# Instructions to follow
Across the entries below, tally every line that holds the string "circle" and reply with the number only.

----------

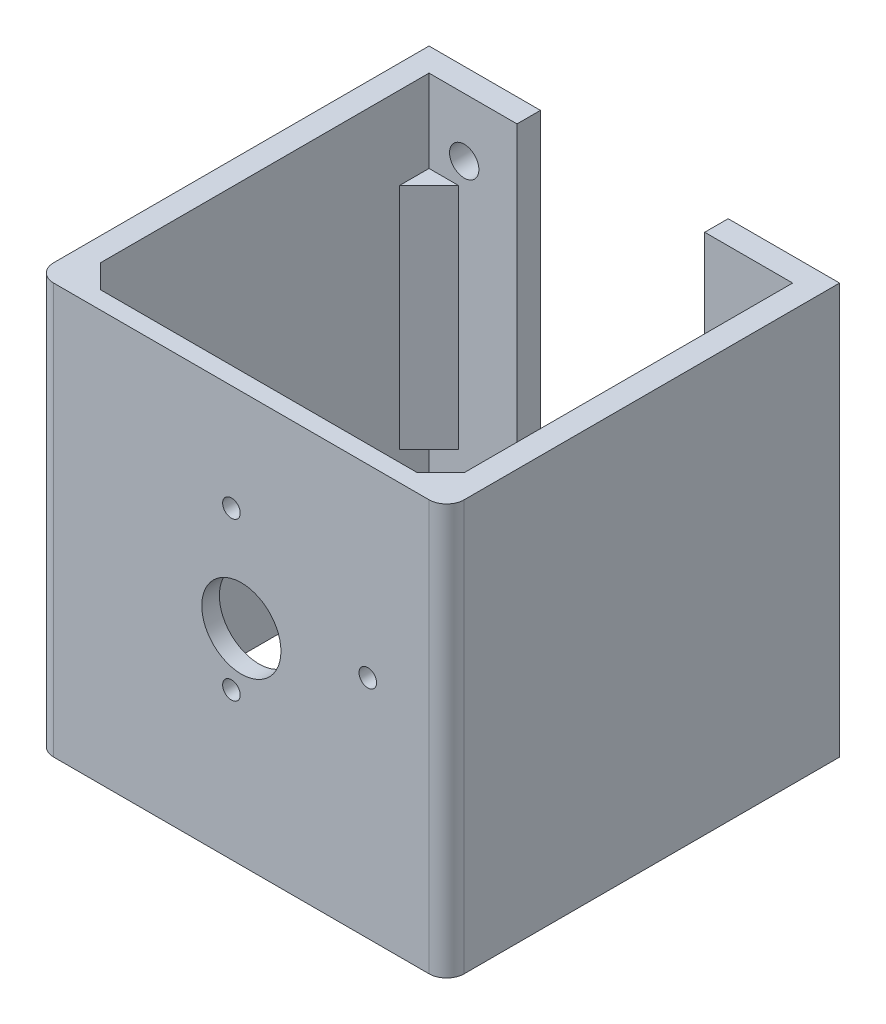
SolidWorks part; units mm, degrees
ref_plane "前视基准面" through (0, 0, 0) normal (0, 0, 1) x (1, 0, 0)
ref_plane "上视基准面" through (0, 0, 0) normal (0, 1, 0) x (1, 0, 0)
ref_plane "右视基准面" through (0, 0, 0) normal (1, 0, 0) x (0, 0, -1)
sketch "Sketch1" plane through (0, 0, 0) normal (0, 0, 1) x (1, 0, 0)
  line L1 (-44.6058, 34.082) -> (25.3942, 34.082)
  line L2 (-44.6058, 34.082) -> (-44.6058, -35.918)
  line L3 (-44.6058, -35.918) -> (25.3942, -35.918)
  line L4 (25.3942, 34.082) -> (25.3942, -35.918)
extrude "Boss-Extrude2" add sketch "Sketch1" along normal blind 3
sketch "Sketch2" plane through (0, 0, 3) normal (0, 0, 1) x (1, 0, 0)
  circle A5 centre (-9.6058, -0.918) radius 6.75
  circle A6 centre (-11.2936, 16.0054) radius 1.5
  circle A7 centre (11.9564, 2.582) radius 1.5
  circle A8 centre (-11.2936, -10.8414) radius 1.5
  point P14 (-3.5436, 2.582)
  dimension "D1" = 3
extrude "Cut-Extrude1" cut sketch "Sketch2" against normal blind 4
sketch "Sketch3" plane through (25.3942, 0, 0) normal (1, 0, 0) x (0, 0, -1)
  line L0 (0, 34.082) -> (64, 34.082)
  line L1 (64, 34.082) -> (64, -35.918)
  line L2 (64, -35.918) -> (0, -35.918)
  line L3 (0, -35.918) -> (0, 34.082)
extrude "Boss-Extrude3" add sketch "Sketch3" against normal blind 4
sketch "Sketch4" plane through (-44.6058, 0, 0) normal (-1, 0, 0) x (0, 0, 1)
  line L0 (0, 34.082) -> (-64, 34.082)
  line L1 (-64, 34.082) -> (0, 34.082) construction
  line L2 (-64, -35.918) -> (-64, 34.082) construction
  line L3 (-64, 34.082) -> (-64, -35.918)
  line L4 (-64, -35.918) -> (0, -35.918)
  line L5 (0, -35.918) -> (0, 34.082)
extrude "Boss-Extrude4" add sketch "Sketch4" against normal blind 4
sketch "Sketch5" plane through (0, 0, -64) normal (0, 0, -1) x (-1, 0, 0)
  line L0 (-21.3942, 34.082) -> (-6.3942, 34.082)
  line L1 (-21.3942, 34.082) -> (40.6058, 34.082) construction
  line L2 (-6.3942, 34.082) -> (-6.3942, -35.918)
  line L3 (40.6058, -35.918) -> (-21.3942, -35.918) construction
  line L4 (-6.3942, -35.918) -> (-21.3942, -35.918)
  line L5 (-21.3942, -35.918) -> (-21.3942, 34.082)
  line L6 (40.6058, 34.082) -> (25.6058, 34.082)
  line L7 (25.6058, 34.082) -> (25.6058, -35.918)
  line L8 (25.6058, -35.918) -> (40.6058, -35.918)
  line L9 (40.6058, -35.918) -> (40.6058, 34.082)
extrude "Boss-Extrude5" add sketch "Sketch5" against normal blind 4
sketch "Sketch6" plane through (0, 0, -64) normal (0, 0, -1) x (-1, 0, 0)
  circle A0 centre (-15.3942, 24.082) radius 2.5
  circle A1 centre (-15.3942, -25.918) radius 2.5
  circle A2 centre (34.6058, 24.082) radius 2.5
  circle A3 centre (34.6058, -25.918) radius 2.5
extrude "Cut-Extrude2" cut sketch "Sketch6" against normal blind 4
sketch "Sketch7" plane through (0, 34.082, 0) normal (0, 1, 0) x (1, 0, 0)
  line L3 (-40.6058, 0) -> (-40.6058, 60) construction
  line L8 (21.3942, 60) -> (21.3942, 0) construction
  line L10 (-40.6058, 0) -> (-40.6058, 4)
  line L11 (-40.6058, 4) -> (-36.6058, 0)
  line L12 (21.3942, 0) -> (-40.6058, 0) construction
  line L13 (-36.6058, 0) -> (-40.6058, 0)
  line L14 (21.3942, 0) -> (21.3942, 4)
  line L15 (21.3942, 4) -> (17.3942, 0)
  line L16 (17.3942, 0) -> (21.3942, 0)
extrude "Boss-Extrude6" add sketch "Sketch7" against normal blind 70
sketch "Sketch8" plane through (0, 0, 0) normal (0, 1, 0) x (1, 0, 0)
  line L0 (-40.6058, 60) -> (-35.6058, 60)
  line L1 (-40.6058, 60) -> (-25.6058, 60) construction
  line L2 (-35.6058, 60) -> (-40.6058, 55)
  line L3 (-40.6058, 4) -> (-40.6058, 60) construction
  line L4 (-40.6058, 55) -> (-40.6058, 60)
  line L5 (21.3942, 60) -> (16.3942, 60)
  line L6 (6.3942, 60) -> (21.3942, 60) construction
  line L7 (16.3942, 60) -> (21.3942, 55)
  line L8 (21.3942, 60) -> (21.3942, 4) construction
  line L9 (21.3942, 55) -> (21.3942, 60)
extrude "Boss-Extrude7" add sketch "Sketch8" along normal blind 20 and the other way blind 19
fillet "Fillet1" radius 3 2 edges at (25.3942, -0.918, 3) (-44.6058, -0.918, 3)

----------

# Response for this exercise
8